Still, it doesn’t necessarily undermine the prosecution because they can point to different results, said another local lawyer, Ryan Pacyga. “The prosecution can come back and say, ‘Wait, he didn’t die before.’ What’s the difference? They will point to the knee at the neck, “said Pacyga.

Floyd, who was black, was pronounced dead on May 25 after Chauvin, who is white, pressed his knee to his neck for about nine minutes while he was handcuffed and begging that he was unable to breathe. Floyd’s death, captured in a video widely viewed by onlookers, sparked weeks of sometimes violent protests across the country and led to a national trial on racial justice.

The 13 jurors seated until Thursday are divided by race: seven are white, four are black and two are multiracial, according to the court.

Local legal experts and defense lawyers said the last two judges chosen were almost always alternates, and some said they had never seen it done otherwise. But the court said that would not necessarily be the case for Chauvin’s jury. Spokesperson Kyle Christopherson said that alternates could be chosen “in many different ways”, but declined to give details.

“You can see in this case why (Cahill) might want to do something different, like taking numbers out of a hat,” said Sampsell-Jones, adding that the judge needs all the jurors to pay attention during the trial. “If it is the last two, and it gets published in the press, then the last two may find out that they are substitutes. Which is what Cahill needs to avoid.”

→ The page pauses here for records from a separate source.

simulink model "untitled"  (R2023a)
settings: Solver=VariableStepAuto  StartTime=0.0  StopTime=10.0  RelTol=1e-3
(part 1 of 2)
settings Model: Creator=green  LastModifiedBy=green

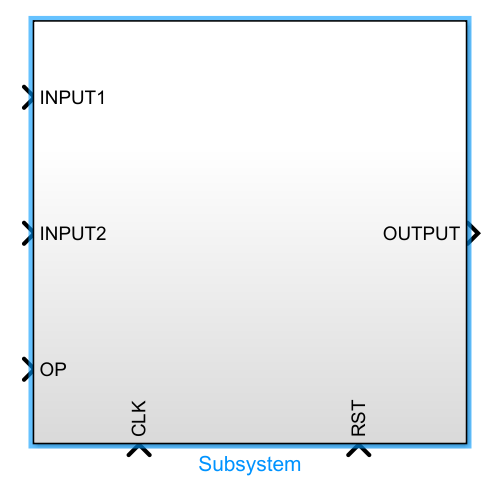
[thumbnail: Simulink's stored preview of the top-level diagram]
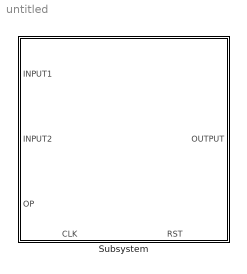
== system untitled ==
  Subsystem : Subsystem
      settings: PortSchema="{\"entries\":[{\"content\":{\"sides\":[{\"content\":{\"connectorIds\":[\"In1\",\"In2\",\"In3\"]},\"type\":\"ConnectorPlacement.EquallySpacedRectSide\",\"uuid\":\"37e95da7-9205-457f-9e39-3ce645baf6b0\"},{\"content\":{\"connectorIds\":[\"Out1\"],\"side\":\"RIGHT\"},\"type\":\"ConnectorPlacement.EquallySpacedRectSide\",\"uuid\":\"fefd857f-f6cb-479d-9e10-fdb7bd1a36ee\"},{\"content\":{\"side\":\"TOP\"},\"type\":\"ConnectorPlacement.EquallySpacedRectSide\",\"uuid\":\"cee60b90-4321-4370-ba97-5c42913d2398\"},{\"content\":{\"connectorIds\":[\"In4\",\"In5\"],\"side\":\"BOTTOM\"},\"type\":\"ConnectorPlacement.EquallySpacedRectSide\",\"uuid\":\"580bfb33-9847-4a2b-9363-58d08870a9b2\"}]},\"type\":\"ConnectorPlacement.EquallySpacedConnector\",\"uuid\":\"096c5676-b756-43ee-88e7-cfe97f701f61\"}],\"packageUris\":[\"http://schema.mathworks.com/mf0/Connector/R2020b\"],\"version\":\"1.0\"}"

== system untitled/Subsystem ==
  INPUT1 : Inport
  INPUT2 : Inport  Port=2
  OP : Inport  Port=3
  CLK : Inport  Port=4
  RST : Inport  Port=5
  AdjustingStage : Subsystem
  ComparingStage : Subsystem
  REG0 : Subsystem
      settings: PortSchema="{\"entries\":[{\"content\":{\"sides\":[{\"content\":{\"connectorIds\":[\"In1\",\"In2\",\"In3\"]},\"type\":\"ConnectorPlacement.EquallySpacedRectSide\",\"uuid\":\"0bf5a9f9-0a2e-40a8-8f36-13e781bf7f7c\"},{\"content\":{\"connectorIds\":[\"Out1\",\"Out2\",\"Out3\"],\"side\":\"RIGHT\"},\"type\":\"ConnectorPlacement.EquallySpacedRectSide\",\"uuid\":\"64de0e43-1db7-4c2b-a11f-50a8f2372dfb\"},{\"content\":{\"side\":\"TOP\"},\"type\":\"ConnectorPlacement.EquallySpacedRectSide\",\"uuid\":\"47007070-ff58-4456-a49f-5fa02446871f\"},{\"content\":{\"connectorIds\":[\"In4\",\"In5\"],\"side\":\"BOTTOM\"},\"type\":\"ConnectorPlacement.EquallySpacedRectSide\",\"uuid\":\"deeacdac-dd8e-4111-be34-c34c5f9ad249\"}]},\"type\":\"ConnectorPlacement.EquallySpacedConnector\",\"uuid\":\"bf4352da-4f56-4c40-9a35-5ffeed5d8f33\"}],\"packageUris\":[\"http://schema.mathworks.com/mf0/Connector/R2020b\"],\"version\":\"1.0\"}"
      mask Display:
      | port_label('output', 1, 'REG0_INPUT1_OUT');
      | port_label('output', 2, 'REG0_INPUT2_OUT');
      | port_label('output', 3, 'REG0_OP_OUT');
  REG1 : Subsystem
      settings: PortSchema="{\"entries\":[{\"content\":{\"sides\":[{\"content\":{\"connectorIds\":[\"In1\",\"In2\",\"In3\",\"In4\",\"In5\",\"In6\",\"In7\",\"In8\"]},\"type\":\"ConnectorPlacement.EquallySpacedRectSide\",\"uuid\":\"9e1207e4-08ad-44e3-9c00-a9750af8a307\"},{\"content\":{\"connectorIds\":[\"Out1\",\"Out2\",\"Out3\",\"Out4\",\"Out5\",\"Out6\",\"Out7\",\"Out8\"],\"side\":\"RIGHT\"},\"type\":\"ConnectorPlacement.EquallySpacedRectSide\",\"uuid\":\"02430975-5577-49fa-ae01-2c7f0237ca90\"},{\"content\":{\"side\":\"TOP\"},\"type\":\"ConnectorPlacement.EquallySpacedRectSide\",\"uuid\":\"2f56d54c-2170-4dac-9216-b09e8eed7f96\"},{\"content\":{\"connectorIds\":[\"In9\",\"In10\"],\"side\":\"BOTTOM\"},\"type\":\"ConnectorPlacement.EquallySpacedRectSide\",\"uuid\":\"f0451ad4-7d82-4ea8-9575-37119c4c4164\"}]},\"type\":\"ConnectorPlacement.EquallySpacedConnector\",\"uuid\":\"88e41896-9e94-456f-8982-875c164cfc6d\"}],\"packageUris\":[\"http://schema.mathworks.com/mf0/Connector/R2020b\"],\"version\":\"1.0\"}"
      mask Display:
      | port_label('output', 1, 'REG1_GRT_MAN_OUT');
      | port_label('output', 2, 'REG1_SML_MAN_OUT');
      | port_label('output', 3, 'REG1_GRT_EXP_OUT');
      | port_label('output', 4, 'REG1_OP_OUT');
      | port_label('output', 5, 'REG1_OFF_OUT');
      | port_label('output', 6, 'REG1_ERR_OUT');
      | port_label('output', 7, 'REG1_SIG_OUT');
      | port_label('output', 8, 'REG1_SKIP_OUT');
  Subsystem : Subsystem
      settings: PortSchema="{\"entries\":[{\"content\":{\"sides\":[{\"content\":{\"connectorIds\":[\"In1\",\"In2\",\"In3\",\"In4\",\"In5\"]},\"type\":\"ConnectorPlacement.EquallySpacedRectSide\",\"uuid\":\"271f7499-cbf5-43d7-a36f-68a92dde91c3\"},{\"content\":{\"connectorIds\":[\"Out1\",\"Out2\",\"Out3\",\"Out4\",\"Out5\"],\"side\":\"RIGHT\"},\"type\":\"ConnectorPlacement.EquallySpacedRectSide\",\"uuid\":\"c829676f-f788-46a0-9fbf-cc0d28732a72\"},{\"content\":{\"side\":\"TOP\"},\"type\":\"ConnectorPlacement.EquallySpacedRectSide\",\"uuid\":\"0b615c9c-1d4c-432e-addf-ad86eb345932\"},{\"content\":{\"connectorIds\":[\"In6\",\"In7\"],\"side\":\"BOTTOM\"},\"type\":\"ConnectorPlacement.EquallySpacedRectSide\",\"uuid\":\"741bad5f-e323-4eab-96d6-6de12d9467e0\"}]},\"type\":\"ConnectorPlacement.EquallySpacedConnector\",\"uuid\":\"c092d22a-06ee-42ed-a6ff-dc5cfd987c26\"}],\"packageUris\":[\"http://schema.mathworks.com/mf0/Connector/R2020b\"],\"version\":\"1.0\"}"
      mask Display:
      | port_label('output', 1, 'REG2_MAN_OUT');
      | port_label('output', 2, 'REG2_EXP_OUT');
      | port_label('output', 3, 'REG2_ERR_OUT');
      | port_label('output', 4, 'REG2_SIG_OUT');
      | port_label('output', 5, 'REG2_SKIP_OUT');
  Subsystem1 : Subsystem
      settings: PortSchema="{\"entries\":[{\"content\":{\"sides\":[{\"content\":{\"connectorIds\":[\"In1\"]},\"type\":\"ConnectorPlacement.EquallySpacedRectSide\",\"uuid\":\"4eea08a2-4b46-4ed3-b242-b8d68ae14b1d\"},{\"content\":{\"connectorIds\":[\"Out1\"],\"side\":\"RIGHT\"},\"type\":\"ConnectorPlacement.EquallySpacedRectSide\",\"uuid\":\"bd76014b-9e49-4f9b-8f52-6c35a06cb956\"},{\"content\":{\"side\":\"TOP\"},\"type\":\"ConnectorPlacement.EquallySpacedRectSide\",\"uuid\":\"e81f4656-2d66-443e-b83c-e94aced2d1e6\"},{\"content\":{\"connectorIds\":[\"In2\",\"In3\"],\"side\":\"BOTTOM\"},\"type\":\"ConnectorPlacement.EquallySpacedRectSide\",\"uuid\":\"afa62644-27c9-45a7-ab20-cd97c66f7d54\"}]},\"type\":\"ConnectorPlacement.EquallySpacedConnector\",\"uuid\":\"b17d71c5-ec26-422c-beb5-b1687da0b41b\"}],\"packageUris\":[\"http://schema.mathworks.com/mf0/Connector/R2020b\"],\"version\":\"1.0\"}"
      mask Display: port_label('output', 1, 'REG3_FINAL_OUT');
  SummingStage : Subsystem
  OUTPUT : Outport
  wires:
  INPUT1/1 -> REG0/1(INPUT1)
  INPUT2/1 -> REG0/2(INPUT2)
  OP/1 -> REG0/3(OP)
  REG1/1(REG1_GRT_MAN_OUT) -> SummingStage/1(GRT_MAN)
  REG1/2(REG1_SML_MAN_OUT) -> SummingStage/2(SML_MAN)
  REG1/3(REG1_GRT_EXP_OUT) -> SummingStage/3(GRT_EXP)
  REG1/4(Out4) -> SummingStage/4(OP_IN)
  REG1/5(Out6) -> SummingStage/5(OFF)
  REG1/6(REG0_INPUT2_OUT) -> SummingStage/6(ERR_IN)
  ComparingStage/1(GRT_MAN) -> REG1/1(INPUT1)
  ComparingStage/2(SML_MAN) -> REG1/2(INPUT2)
  ComparingStage/3(GRT_EXP) -> REG1/3(OP)
  ComparingStage/4(OP_OUT) -> REG1/4(In4)
  ComparingStage/5(OFF) -> REG1/5(In5)
  ComparingStage/6(ERR) -> REG1/6(In6)
  ComparingStage/7(SIG_OUT) -> REG1/7(In7)
  ComparingStage/8(SKIP) -> REG1/8(In8)
  REG0/1(REG0_INPUT1_OUT) -> ComparingStage/1(INPUT1)
  REG0/2(REG0_INPUT2_OUT) -> ComparingStage/2(INPUT2)
  REG0/3(REG0_OP_OUT) -> ComparingStage/3(OP_IN)
  Subsystem/1(SIG_IN) -> AdjustingStage/1(SIG_IN)
  Subsystem/2(EXP_IN) -> AdjustingStage/2(EXP_IN)
  Subsystem/3(MAN_IN) -> AdjustingStage/3(MAN_IN)
  Subsystem/4(SKIP) -> AdjustingStage/4(SKIP)
  Subsystem/5(ERR) -> AdjustingStage/5(ERR)
  AdjustingStage/1(FINAL) -> Subsystem1/1(FINAL)
  Subsystem1/1(OUTPUT) -> OUTPUT/1
  REG1/7(REG0_OP_OUT) -> Subsystem/4(In1)
  REG1/8(Out5) -> Subsystem/5(In5)
  SummingStage/1(EXP_OUT) -> Subsystem/1(EXP_OUT)
  SummingStage/2(MAN_OUT) -> Subsystem/2(MAN_OUT)
  SummingStage/3(ERR_OUT) -> Subsystem/3(ERR_OUT)
  CLK/1 -> Subsystem1/2(In2), Subsystem/6(In2), REG1/9(In1), REG0/4(In1)
  RST/1 -> Subsystem1/3(" "), Subsystem/7(In6), REG1/10(In9), REG0/5(In4)

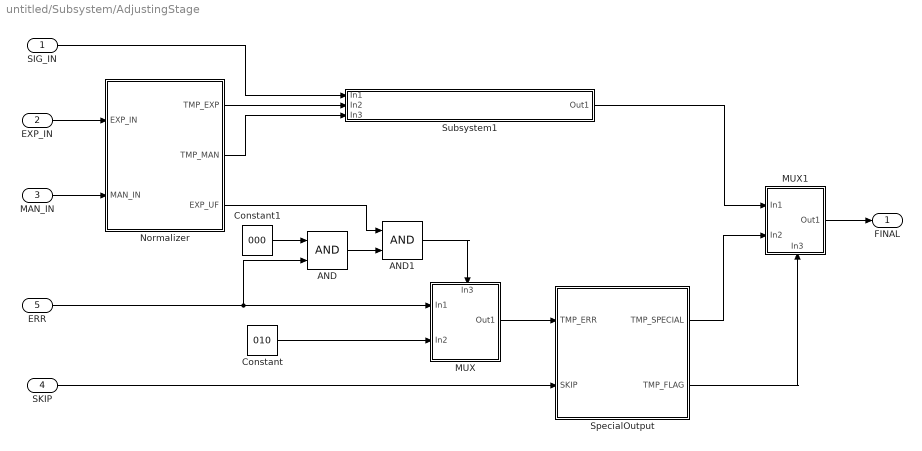
== system untitled/Subsystem/AdjustingStage ==
  SIG_IN : Inport
  EXP_IN : Inport  Port=2
  MAN_IN : Inport  Port=3
  SKIP : Inport  Port=4
  ERR : Inport  Port=5
  AND : Logic  IconShape=distinctive  AllPortsSameDT=off  OutDataTypeStr=boolean
  AND1 : Logic  IconShape=distinctive  AllPortsSameDT=off  OutDataTypeStr=boolean
  Constant : Constant  Value=010
  Constant1 : Constant  Value=000
  MUX : Subsystem
      settings: PortSchema="{\"entries\":[{\"content\":{\"sides\":[{\"content\":{\"connectorIds\":[\"In1\",\"In2\"]},\"type\":\"ConnectorPlacement.EquallySpacedRectSide\",\"uuid\":\"02237fdb-f6d2-40a5-a89d-615b1276a356\"},{\"content\":{\"connectorIds\":[\"Out1\"],\"side\":\"RIGHT\"},\"type\":\"ConnectorPlacement.EquallySpacedRectSide\",\"uuid\":\"c17ca903-72dc-4957-8b60-9b383ee3dd39\"},{\"content\":{\"connectorIds\":[\"In3\"],\"side\":\"TOP\"},\"type\":\"ConnectorPlacement.EquallySpacedRectSide\",\"uuid\":\"219c4bad-e6ed-4335-8de0-d349761dec7d\"},{\"content\":{\"side\":\"BOTTOM\"},\"type\":\"ConnectorPlacement.EquallySpacedRectSide\",\"uuid\":\"0b6946f8-6155-485f-9c00-8ea261957314\"}]},\"type\":\"ConnectorPlacement.EquallySpacedConnector\",\"uuid\":\"0d7d6bc1-a9f3-4da0-99e5-370e9c8c4307\"}],\"packageUris\":[\"http://schema.mathworks.com/mf0/Connector/R2020b\"],\"version\":\"1.0\"}"
      mask Display:
      | port_label('input', 1, '0');
      | port_label('input', 2, '1');
      | port_label('input', 3, '');
      | port_label('output', 1, 'TMP_ERR');
  MUX1 : Subsystem
      settings: PortSchema="{\"entries\":[{\"content\":{\"sides\":[{\"content\":{\"connectorIds\":[\"In1\",\"In2\"]},\"type\":\"ConnectorPlacement.EquallySpacedRectSide\",\"uuid\":\"842b9b46-49a9-41ee-9a28-1377e2337a4a\"},{\"content\":{\"connectorIds\":[\"Out1\"],\"side\":\"RIGHT\"},\"type\":\"ConnectorPlacement.EquallySpacedRectSide\",\"uuid\":\"ea0c104d-8346-410c-81be-ba3451b043ed\"},{\"content\":{\"side\":\"TOP\"},\"type\":\"ConnectorPlacement.EquallySpacedRectSide\",\"uuid\":\"b2cb6a72-8c96-408f-a410-13c771d951b5\"},{\"content\":{\"connectorIds\":[\"In3\"],\"side\":\"BOTTOM\"},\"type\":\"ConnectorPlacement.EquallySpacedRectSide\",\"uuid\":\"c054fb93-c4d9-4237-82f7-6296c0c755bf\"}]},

The woman chosen on Friday morning – a white woman in her 50s – is in between jobs, said she was a volunteer with the homeless and wants to work on affordable housing issues.

She said she has never personally seen police officers respond to blacks or minorities more strongly than whites and that a person should have nothing to fear from the police if they cooperate and carry out orders. She hardly said that it means that a person deserves to be harmed.

“If you are not listening to the commands, obviously something more needs to happen to resolve the situation,” she said of the actions of the police. “I don’t know how far the steps need to go.”

The opening statements are on March 29 if the jury is complete by then. This process is about to end almost a week early.

Three other former officers face a trial in August for Floyd’s death on charges of helping and encouraging second-degree murder and wrongful death.